基金Supported by the Deutsche Forschungsgemeinschaft (SFB585, Ro 1236/3-2)the BMBF Kompetenznetz-CED
文摘AIM: To examine the factor(s) involved in differentiation of intestinal macrophages (IMACs) using a recently established in vitro model. METHODS: To test whether soluble or membrane bound factors induce IMAC-differentiation, freshly elutriated monocytes (MO) were incubated with conditioned media or cell membranes of intestinal epithelial cells (IEC) or cultured with IEC in transwell systems. To determine the importance of an active migration of MO, three- dimensional aggregates from a 1:1-mixture of MO and IEC were examined by immunohistochemistry and flow cytometry. Apoptosis was examined by caspase-3 Western blots. Extracellular matrix production in differentiation models was compared by immunohistochemistry. RESULTS: IMAC differentiation was observed in a complex three-dimensional co-culture model (multicellular spheroid, MCS) with IEC after migration of MO into the spheroids.
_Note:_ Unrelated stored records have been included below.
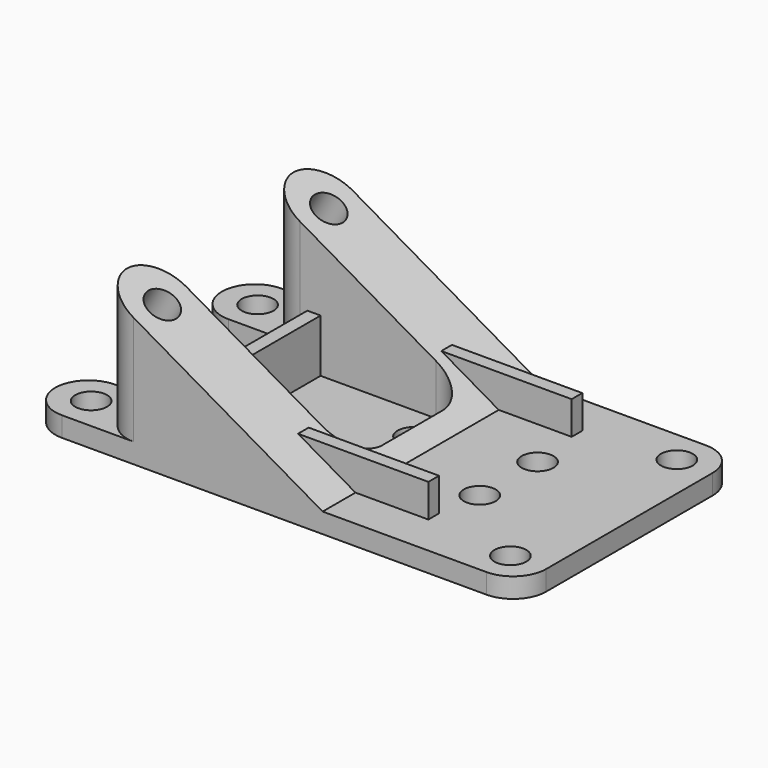
from build123d import *

# Parameters (mm, degrees)
F0_W        = 3
F0_H        = 5
F1_DEPTH    = 25
F0_R        = 2.4
F2_DEPTH    = 3
F3_T4_DEPTH = 238.5325445422
F4_R        = 4.99999
F5_R        = 4.99999
F6_R        = 5
F8_DEPTH    = 5
F9_ANGLE    = -30
F10_ANGLE   = -30
F7_W        = 36.4
F7_H        = 25
F7_R        = 4.4
F7_R_2      = 2.4
F13_DEPTH   = 2
F14_DEPTH   = 8


# Not quite as in the source:
# - a fillet or chamfer that OpenCascade refuses, or shapes differently, is made with other operations: its cross-section is extruded or revolved along the edge and cut away or added
# - a fillet or chamfer is up to 0.001 mm smaller than in the source, because OpenCascade refuses the exact size


with BuildPart() as f1:
    # F0 (on Top) → F1 (new body)
    with BuildSketch(Plane.XY):
        Polygon((-26.2931033156, 20.6850649182), (-26.2931033156, 15.6850649182), (-26.2931033156, 10.6850649182), (4.2068966844, 10.6850649182), (4.2068966844, 15.6850649182), (4.2068966844, 20.6850649182), align=None)
        with BuildLine():
            ThreePointArc((-18.8931033156, 15.6850649182), (-21.2931033156, 13.2850649182), (-23.6931033156, 15.6850649182))
            ThreePointArc((-23.6931033156, 15.6850649182), (-21.2931033156, 18.0850649182), (-18.8931033156, 15.6850649182))
        make_face(mode=Mode.SUBTRACT)
        Polygon((4.2068966844, -20.6850649182), (4.2068966844, -10.6850649182), (-26.2931033156, -10.6850649182), (-26.2931033156, -15.6850649182), (-26.2931033156, -20.6850649182), align=None)
        with BuildLine():
            ThreePointArc((-18.8931033156, -15.6850649182), (-21.2931033156, -18.0850649182), (-23.6931033156, -15.6850649182))
            ThreePointArc((-23.6931033156, -15.6850649182), (-21.2931033156, -13.2850649182), (-18.8931033156, -15.6850649182))
        make_face(mode=Mode.SUBTRACT)
        Polygon((4.2068966844, 15.6850649182), (4.2068966844, 10.6850649182), (4.2068966844, -10.6850649182), (4.2068966844, -20.6850649182), (7.2068966844, -20.6850649182), (7.2068966844, 15.6850649182), align=None)
        with BuildLine():
            ThreePointArc((-18.8931033156, 15.6850649182), (-21.2931033156, 18.0850649182), (-23.6931033156, 15.6850649182))
            ThreePointArc((-23.6931033156, 15.6850649182), (-21.2931033156, 13.2850649182), (-18.8931033156, 15.6850649182))
        make_face()
        with BuildLine():
            ThreePointArc((-18.8931033156, -15.6850649182), (-21.2931033156, -13.2850649182), (-23.6931033156, -15.6850649182))
            ThreePointArc((-23.6931033156, -15.6850649182), (-21.2931033156, -18.0850649182), (-18.8931033156, -15.6850649182))
        make_face()
        with Locations((5.7068966844, 18.1850649182)):
            Rectangle(F0_W, F0_H)
    extrude(amount=F1_DEPTH)

    # F0 (on Top) → F2 (join)
    with BuildSketch(Plane.XY):
        Polygon((-26.2931033156, 10.6850649182), (-26.2931033156, 15.6850649182), (-26.2931033156, 20.6850649182), (-37.0931033156, 20.6850649182), (-37.0931033156, 10.6850649182), align=None)
        with Locations((-31.6931033156, 15.6850649182)):
            Circle(F0_R, mode=Mode.SUBTRACT)
        Polygon((-26.2931033156, -15.6850649182), (-26.2931033156, -10.6850649182), (-37.0931033156, -10.6850649182), (-37.0931033156, -20.6850649182), (-26.2931033156, -20.6850649182), align=None)
        with Locations((-31.6931033156, -15.6850649182)):
            Circle(F0_R, mode=Mode.SUBTRACT)
        Polygon((36.9068966844, 20.6850649182), (7.2068966844, 20.6850649182), (7.2068966844, 15.6850649182), (7.2068966844, -20.6850649182), (36.9068966844, -20.6850649182), align=None)
        with Locations((31.5068966844, -15.6850649182)):
            Circle(F0_R, mode=Mode.SUBTRACT)
        with Locations((19.0568966844, -5.9)):
            Circle(F0_R, mode=Mode.SUBTRACT)
        with Locations((19.0568966844, 5)):
            Circle(F0_R, mode=Mode.SUBTRACT)
        with BuildLine():
            ThreePointArc((29.1068966844, 15.6850649182), (31.5068966844, 18.0850649182), (33.9068966844, 15.6850649182))
            ThreePointArc((33.9068966844, 15.6850649182), (31.5068966844, 13.2850649182), (29.1068966844, 15.6850649182))
        make_face(mode=Mode.SUBTRACT)
    extrude(amount=F2_DEPTH)

    # F3: chamfer of 22 x 38.1051177665 on 1 edges, made by hand


with BuildPart() as f3_tool2:
    # F3_s3 → F3_t4 (new body)
    with BuildSketch(Plane.XZ.offset(119.2662722711)):
        Polygon((7.2068966844, 3), (-30.8982210821, 25), (7.2068966844, 25), align=None)
    extrude(amount=-F3_T4_DEPTH)

    split(bisect_by=Plane.XY.offset(3), keep=Keep.TOP)


with BuildPart() as f1_1:
    add(f1.part)

    # F3_t1: cut F3_tool2
    add(f3_tool2.part, mode=Mode.SUBTRACT)

    # F4 (radius 5 in the source; OpenCascade refuses exactly that, so slightly less here)
    f4_edges = [f1_1.edges().sort_by_distance(p)[0] for p in [
        (-37.093103, 20.685065, 1.5),
        (-37.093103, 10.685065, 1.5),
        (-37.093103, -10.685065, 1.5),
        (-37.093103, -20.685065, 1.5),
        (36.906897, -20.685065, 1.5),
        (36.906897, 20.685065, 1.5),
    ]]
    fillet(f4_edges, radius=F4_R)

    # F5 (radius 5 in the source; OpenCascade refuses exactly that, so slightly less here)
    f5_edges = [f1_1.edges().sort_by_distance(p)[0] for p in [
        (-26.293103, 20.685065, 12.670617),
        (-26.293103, 10.685065, 12.670617),
        (-26.293103, -10.685065, 12.670617),
        (-26.293103, -20.685065, 12.670617),
    ]]
    fillet(f5_edges, radius=F5_R)

    # F6
    f6_edges = [f1_1.edges().sort_by_distance(p)[0] for p in [
        (4.206897, 10.685065, 2.366025),
        (4.206897, -10.685065, 2.366025),
    ]]
    fillet(f6_edges, radius=F6_R)


with BuildPart() as f8:
    # F0 (on Top) → F8 (new body, symmetric)
    with BuildSketch(Plane.XY):
        with BuildLine():
            ThreePointArc((-18.8931033156, 15.6850649182), (-21.2931033156, 18.0850649182), (-23.6931033156, 15.6850649182))
            ThreePointArc((-23.6931033156, 15.6850649182), (-21.2931033156, 13.2850649182), (-18.8931033156, 15.6850649182))
        make_face()
    extrude(amount=F8_DEPTH, both=True)


with BuildPart() as f8b:
    # F0 (on Top) → F8, piece 2 (new body, symmetric)
    with BuildSketch(Plane.XY):
        with BuildLine():
            ThreePointArc((-18.8931033156, -15.6850649182), (-21.2931033156, -13.2850649182), (-23.6931033156, -15.6850649182))
            ThreePointArc((-23.6931033156, -15.6850649182), (-21.2931033156, -18.0850649182), (-18.8931033156, -15.6850649182))
        make_face()
    extrude(amount=F8_DEPTH, both=True)


with BuildPart() as f8b_1:
    # F9: moved
    add(f8b.part.rotate(Axis((-21.2931033156, -15.6850649182, 0), (0, -1, 0)), F9_ANGLE))


with BuildPart() as f8_1:
    # F10: moved
    add(f8.part.rotate(Axis((-21.2931033156, 15.6850649182, 0), (0, -1, 0)), F10_ANGLE))


with BuildPart() as f8b_2:
    # F11: moved
    add(f8b_1.part.moved(Location((0, 0, 18.7))))


with BuildPart() as f8_2:
    # F11: moved
    add(f8_1.part.moved(Location((0, 0, 18.7))))


with BuildPart() as f1_2:
    add(f1_1.part)

    # F12: cut F8, F8b
    add(f8_2.part, mode=Mode.SUBTRACT)
    add(f8b_2.part, mode=Mode.SUBTRACT)


with BuildPart() as f13:
    # F7 (on Top) → F13 (new body)
    with BuildSketch(Plane.XY):
        Polygon((18.2, -14.5), (18.2, -12.5), (-18.2, -12.5), (-18.2, 12.5), (18.2, 12.5), (18.2, 14.5), (-20.2, 14.5), (-20.2, -14.5), align=None)
        Rectangle(F7_W, F7_H)
        with Locations((0, -5.45)):
            Circle(F7_R, mode=Mode.SUBTRACT)
        with Locations((0, 5.45)):
            Circle(F7_R, mode=Mode.SUBTRACT)
        with Locations((0, 5.45)):
            Circle(F7_R)
        with Locations((0, 5.45)):
            Circle(F7_R_2, mode=Mode.SUBTRACT)
        with Locations((0, -5.45)):
            Circle(F7_R)
        with Locations((0, -5.45)):
            Circle(F7_R_2, mode=Mode.SUBTRACT)
    extrude(amount=-F13_DEPTH)

    # F7 (on Top) → F14 (join)
    with BuildSketch(Plane.XY):
        Polygon((18.2, -14.5), (18.2, -12.5), (-18.2, -12.5), (-18.2, 12.5), (18.2, 12.5), (18.2, 14.5), (-20.2, 14.5), (-20.2, -14.5), align=None)
    extrude(amount=F14_DEPTH)


solid = Compound([f1_2.part, f13.part])
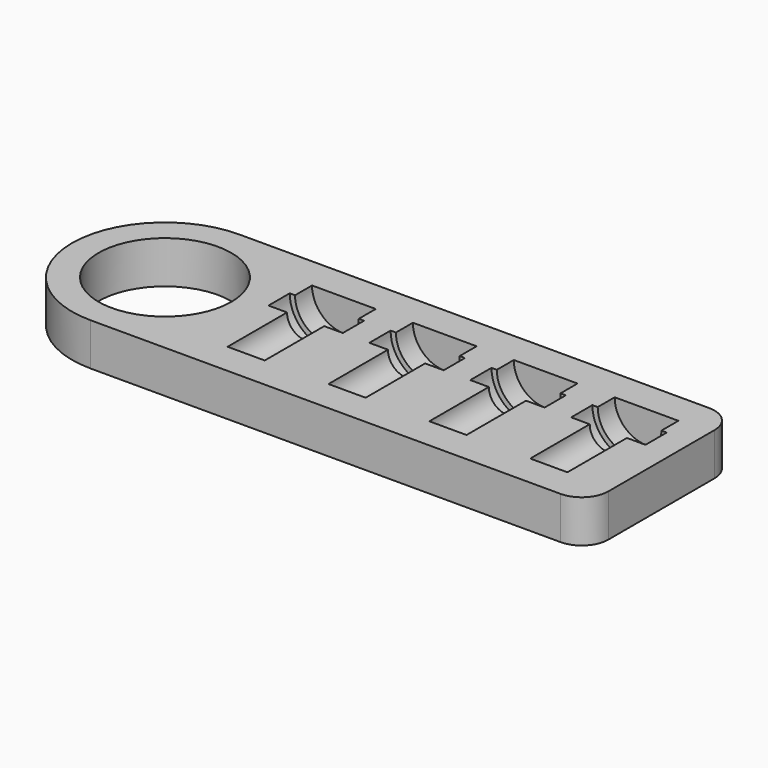
from build123d import *

# Parameters (mm, degrees)
F0_R         = 12.5
F1_DEPTH     = 8
F7_TEXT_SIZE = 5.5555555556
F8_DEPTH     = 1


# Not quite as in the source:
# - Text() gives the source's letters only with a copy of the font that has no kerning and outlines rounded to 1/6400 em; it was checked with that copy


with BuildPart() as f1:
    # F0 (on Top) → F1 (new body)
    with BuildSketch(Plane.XY):
        with BuildLine():
            ThreePointArc((0, 17.5), (5.1256313292, 5.1256313292), (17.5, 0))
            Line((17.5, 0), (106, 0))
            ThreePointArc((106, 0), (109.5355339059, 1.4644660941), (111, 5))
            Line((111, 5), (111, 30))
            ThreePointArc((111, 30), (109.5355339059, 33.5355339059), (106, 35))
            Line((106, 35), (17.5, 35))
            ThreePointArc((17.5, 35), (5.1256313292, 29.8743686708), (0, 17.5))
        make_face()
        with Locations((17.5, 17.5)):
            Circle(F0_R, mode=Mode.SUBTRACT)
    extrude(amount=F1_DEPTH)

    # F2 (on face) → F3 (revolve, cut)
    with BuildSketch(Plane.XY.offset(8)):
        Polygon((42, 20), (42, 6), (45.5, 6), (45.5, 20), (49, 20), (49, 25), (48, 25), (48, 29), (42, 29), (42, 25), align=None)
    revolve(axis=Axis((42, 22.5, 8), (0, 1, 0)), mode=Mode.SUBTRACT)

    # F2 (on face) → F4 (revolve, cut)
    with BuildSketch(Plane.XY.offset(8)):
        Polygon((61, 20), (61, 6), (64.5, 6), (64.5, 20), (68, 20), (68, 25), (67, 25), (67, 29), (61, 29), (61, 25), align=None)
    revolve(axis=Axis((61, 22.5, 8), (0, 1, 0)), mode=Mode.SUBTRACT)

    # F2 (on face) → F5 (revolve, cut)
    with BuildSketch(Plane.XY.offset(8)):
        Polygon((80, 20), (80, 6), (83.5, 6), (83.5, 20), (87, 20), (87, 25), (86, 25), (86, 29), (80, 29), (80, 25), align=None)
    revolve(axis=Axis((80, 13, 8), (0, 1, 0)), mode=Mode.SUBTRACT)

    # F2 (on face) → F6 (revolve, cut)
    with BuildSketch(Plane.XY.offset(8)):
        Polygon((99, 20), (99, 6), (102.5, 6), (102.5, 20), (106, 20), (106, 25), (105, 25), (105, 29), (99, 29), (99, 25), align=None)
    revolve(axis=Axis((99, 13, 8), (0, 1, 0)), mode=Mode.SUBTRACT)

    # F7 (on face) → F8 (cut)
    with BuildSketch(Plane(origin=(0, 0, 0), x_dir=(1, 0, 0), z_dir=(0, 0, -1))):
        with Locations((30, -9)):
            Text('1029', F7_TEXT_SIZE, font='Open Sans', text_align=(TextAlign.LEFT, TextAlign.BOTTOM))
    extrude(amount=-F8_DEPTH, mode=Mode.SUBTRACT)


solid = f1.part

By co-culture of MO with conditioned media or membrane preparations of IEC no IMAC differentiation was induced. Co-culture of MO with IEC in transwell- cultures, with the two cell populations separated by a membrane also did not result in intestinal-like differentiation of MO. In contrast to IEC-spheroids with immigrating MO in mixed MCS of IEC and MO only a small subpopulation of MO was able to survive the seven day culture period. CONCLUSION: Intestinal-like differentiation of MO in vitro is only induced in the complex three-dimensional MCS model after immigration of MO indicating a roleof cell-matrix and/or cell-cell interactions during the differentiation of IMACs.